_Exercise brief_: Produce as output only the lines below starting at the line with "#1100 = VECTOR ( 'NONE', #19886, 39.37008 ) ;" and continuing through the line with "#4614 = VECTOR ( 'NONE', #19422, 39.37008 ) ;", each one exactly as written.

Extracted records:
++++

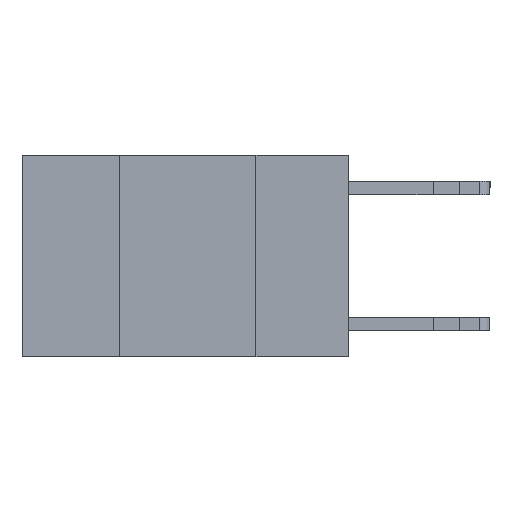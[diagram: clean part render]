
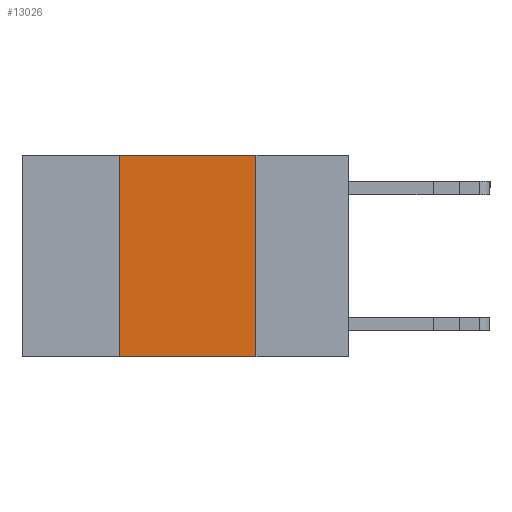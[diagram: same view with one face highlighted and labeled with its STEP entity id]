
A CAD part, left-side view. The second image highlights one B-rep face of the part: STEP entity #13026.
In plain terms, the highlighted planar face has unit normal (-1, 0, 0).
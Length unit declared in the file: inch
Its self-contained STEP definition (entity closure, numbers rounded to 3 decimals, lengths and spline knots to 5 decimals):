
#41 = VERTEX_POINT ( 'NONE', #13402 ) ;
#517 = AXIS2_PLACEMENT_3D ( 'NONE', #8760, #13310, #15229 ) ;
#685 = CARTESIAN_POINT ( 'NONE',  ( 0., 0.42, -0.37 ) ) ;
#1100 = VECTOR ( 'NONE', #19886, 39.37008 ) ;
#2005 = DIRECTION ( 'NONE',  ( 0., 0., 1. ) ) ;
#2426 = LINE ( 'NONE', #13417, #1100 ) ;
#3385 = ORIENTED_EDGE ( 'NONE', *, *, #12859, .F. ) ;
#3854 = VERTEX_POINT ( 'NONE', #685 ) ;
#4614 = VECTOR ( 'NONE', #19422, 39.37008 ) ;
#4876 = VECTOR ( 'NONE', #18075, 39.37008 ) ;
#5162 = CARTESIAN_POINT ( 'NONE',  ( 0., 0.17, 0. ) ) ;
#6329 = EDGE_CURVE ( 'NONE', #3854, #41, #2426, .T. ) ;
#7401 = VERTEX_POINT ( 'NONE', #14808 ) ;
#7650 = CARTESIAN_POINT ( 'NONE',  ( 0., 0.17, 0. ) ) ;
#8760 = CARTESIAN_POINT ( 'NONE',  ( 0., 0.6, 0. ) ) ;
#9552 = EDGE_LOOP ( 'NONE', ( #10231, #20230, #3385, #16936 ) ) ;
#10231 = ORIENTED_EDGE ( 'NONE', *, *, #12931, .F. ) ;
#11628 = CARTESIAN_POINT ( 'NONE',  ( 0., 0.42, 0. ) ) ;
#12859 = EDGE_CURVE ( 'NONE', #3854, #7401, #16170, .T. ) ;
#12931 = EDGE_CURVE ( 'NONE', #17363, #41, #19239, .T. ) ;
#12968 = LINE ( 'NONE', #17835, #4614 ) ;
#13026 = ADVANCED_FACE ( 'NONE', ( #16798 ), #13514, .F. ) ;
#13310 = DIRECTION ( 'NONE',  ( 1., 0., 0. ) ) ;
#13402 = CARTESIAN_POINT ( 'NONE',  ( 0., 0.17, -0.37 ) ) ;
#13417 = CARTESIAN_POINT ( 'NONE',  ( 0., 0.6, -0.37 ) ) ;
#13514 = PLANE ( 'NONE',  #517 ) ;
#14808 = CARTESIAN_POINT ( 'NONE',  ( 0., 0.42, 0. ) ) ;
#15229 = DIRECTION ( 'NONE',  ( 0., 0., -1. ) ) ;
#16170 = LINE ( 'NONE', #11628, #19419 ) ;
#16798 = FACE_OUTER_BOUND ( 'NONE', #9552, .T. ) ;
#16936 = ORIENTED_EDGE ( 'NONE', *, *, #6329, .T. ) ;
#17153 = EDGE_CURVE ( 'NONE', #7401, #17363, #12968, .T. ) ;
#17363 = VERTEX_POINT ( 'NONE', #7650 ) ;
#17835 = CARTESIAN_POINT ( 'NONE',  ( 0., 0.6, 0. ) ) ;
#18075 = DIRECTION ( 'NONE',  ( 0., 0., -1. ) ) ;
#19239 = LINE ( 'NONE', #5162, #4876 ) ;
#19419 = VECTOR ( 'NONE', #2005, 39.37008 ) ;
#19422 = DIRECTION ( 'NONE',  ( 0., -1., 0. ) ) ;
#19886 = DIRECTION ( 'NONE',  ( 0., -1., 0. ) ) ;
#20230 = ORIENTED_EDGE ( 'NONE', *, *, #17153, .F. ) ;
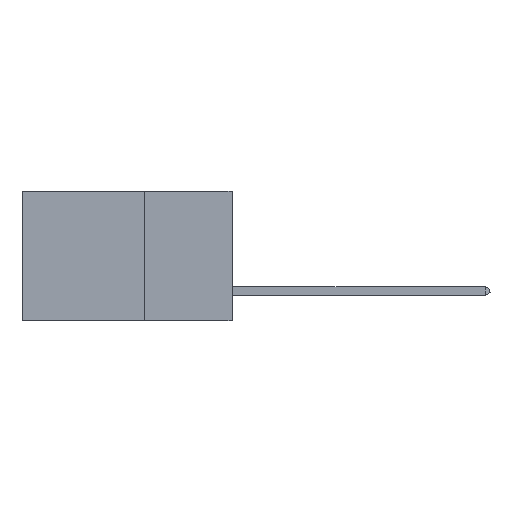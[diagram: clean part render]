
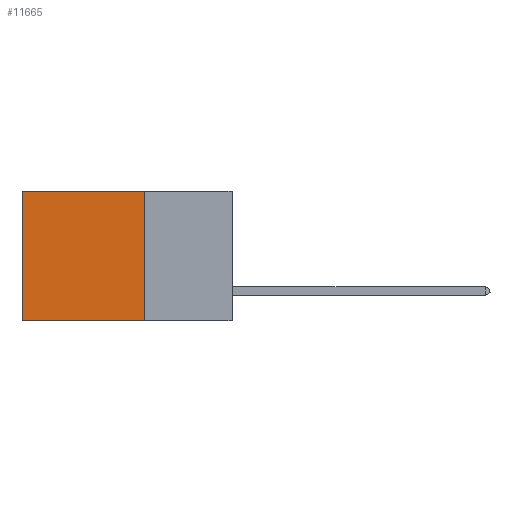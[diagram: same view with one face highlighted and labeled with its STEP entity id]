
A CAD part, left-side view. The second image highlights one B-rep face of the part: STEP entity #11665.
In plain terms, the highlighted planar face has unit normal (-1, 0, 0).
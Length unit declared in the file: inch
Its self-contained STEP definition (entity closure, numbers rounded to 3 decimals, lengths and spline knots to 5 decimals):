
#182 = EDGE_CURVE ( 'NONE', #10818, #12553, #5662, .T. ) ;
#487 = PLANE ( 'NONE',  #10666 ) ;
#562 = CARTESIAN_POINT ( 'NONE',  ( 0.2875, 0.6, -0.37 ) ) ;
#779 = EDGE_LOOP ( 'NONE', ( #11325, #15662, #21155, #13469 ) ) ;
#2255 = CARTESIAN_POINT ( 'NONE',  ( 0.2875, 0.6, 0. ) ) ;
#2930 = LINE ( 'NONE', #2255, #5168 ) ;
#3541 = VERTEX_POINT ( 'NONE', #3991 ) ;
#3991 = CARTESIAN_POINT ( 'NONE',  ( 0.2875, 0.6, 0. ) ) ;
#4242 = CARTESIAN_POINT ( 'NONE',  ( 0.2875, 0.25, 0. ) ) ;
#4835 = VECTOR ( 'NONE', #18201, 39.37008 ) ;
#5168 = VECTOR ( 'NONE', #22090, 39.37008 ) ;
#5595 = CARTESIAN_POINT ( 'NONE',  ( 0.2875, 0.25, 0. ) ) ;
#5662 = LINE ( 'NONE', #16541, #4835 ) ;
#7137 = LINE ( 'NONE', #19997, #22758 ) ;
#7768 = DIRECTION ( 'NONE',  ( 0., 0., -1. ) ) ;
#8479 = VECTOR ( 'NONE', #21853, 39.37008 ) ;
#9220 = CARTESIAN_POINT ( 'NONE',  ( 0.2875, 0.25, -0.37 ) ) ;
#9245 = EDGE_CURVE ( 'NONE', #3541, #12553, #2930, .T. ) ;
#10151 = LINE ( 'NONE', #5595, #8479 ) ;
#10372 = FACE_OUTER_BOUND ( 'NONE', #779, .T. ) ;
#10666 = AXIS2_PLACEMENT_3D ( 'NONE', #4242, #13047, #7768 ) ;
#10818 = VERTEX_POINT ( 'NONE', #9220 ) ;
#10955 = DIRECTION ( 'NONE',  ( 0., 0., -1. ) ) ;
#11325 = ORIENTED_EDGE ( 'NONE', *, *, #9245, .T. ) ;
#11665 = ADVANCED_FACE ( 'NONE', ( #10372 ), #487, .F. ) ;
#12553 = VERTEX_POINT ( 'NONE', #562 ) ;
#13047 = DIRECTION ( 'NONE',  ( 1., 0., 0. ) ) ;
#13397 = VERTEX_POINT ( 'NONE', #14525 ) ;
#13469 = ORIENTED_EDGE ( 'NONE', *, *, #15727, .T. ) ;
#14525 = CARTESIAN_POINT ( 'NONE',  ( 0.2875, 0.25, 0. ) ) ;
#15662 = ORIENTED_EDGE ( 'NONE', *, *, #182, .F. ) ;
#15727 = EDGE_CURVE ( 'NONE', #13397, #3541, #10151, .T. ) ;
#16541 = CARTESIAN_POINT ( 'NONE',  ( 0.2875, 0.25, -0.37 ) ) ;
#18201 = DIRECTION ( 'NONE',  ( 0., 1., 0. ) ) ;
#19997 = CARTESIAN_POINT ( 'NONE',  ( 0.2875, 0.25, 0. ) ) ;
#21155 = ORIENTED_EDGE ( 'NONE', *, *, #21527, .F. ) ;
#21527 = EDGE_CURVE ( 'NONE', #13397, #10818, #7137, .T. ) ;
#21853 = DIRECTION ( 'NONE',  ( 0., 1., 0. ) ) ;
#22090 = DIRECTION ( 'NONE',  ( 0., 0., -1. ) ) ;
#22758 = VECTOR ( 'NONE', #10955, 39.37008 ) ;

++++

_Expected answer_:
#1100 = VECTOR ( 'NONE', #19886, 39.37008 ) ;
#2005 = DIRECTION ( 'NONE',  ( 0., 0., 1. ) ) ;
#2426 = LINE ( 'NONE', #13417, #1100 ) ;
#3385 = ORIENTED_EDGE ( 'NONE', *, *, #12859, .F. ) ;
#3854 = VERTEX_POINT ( 'NONE', #685 ) ;
#4614 = VECTOR ( 'NONE', #19422, 39.37008 ) ;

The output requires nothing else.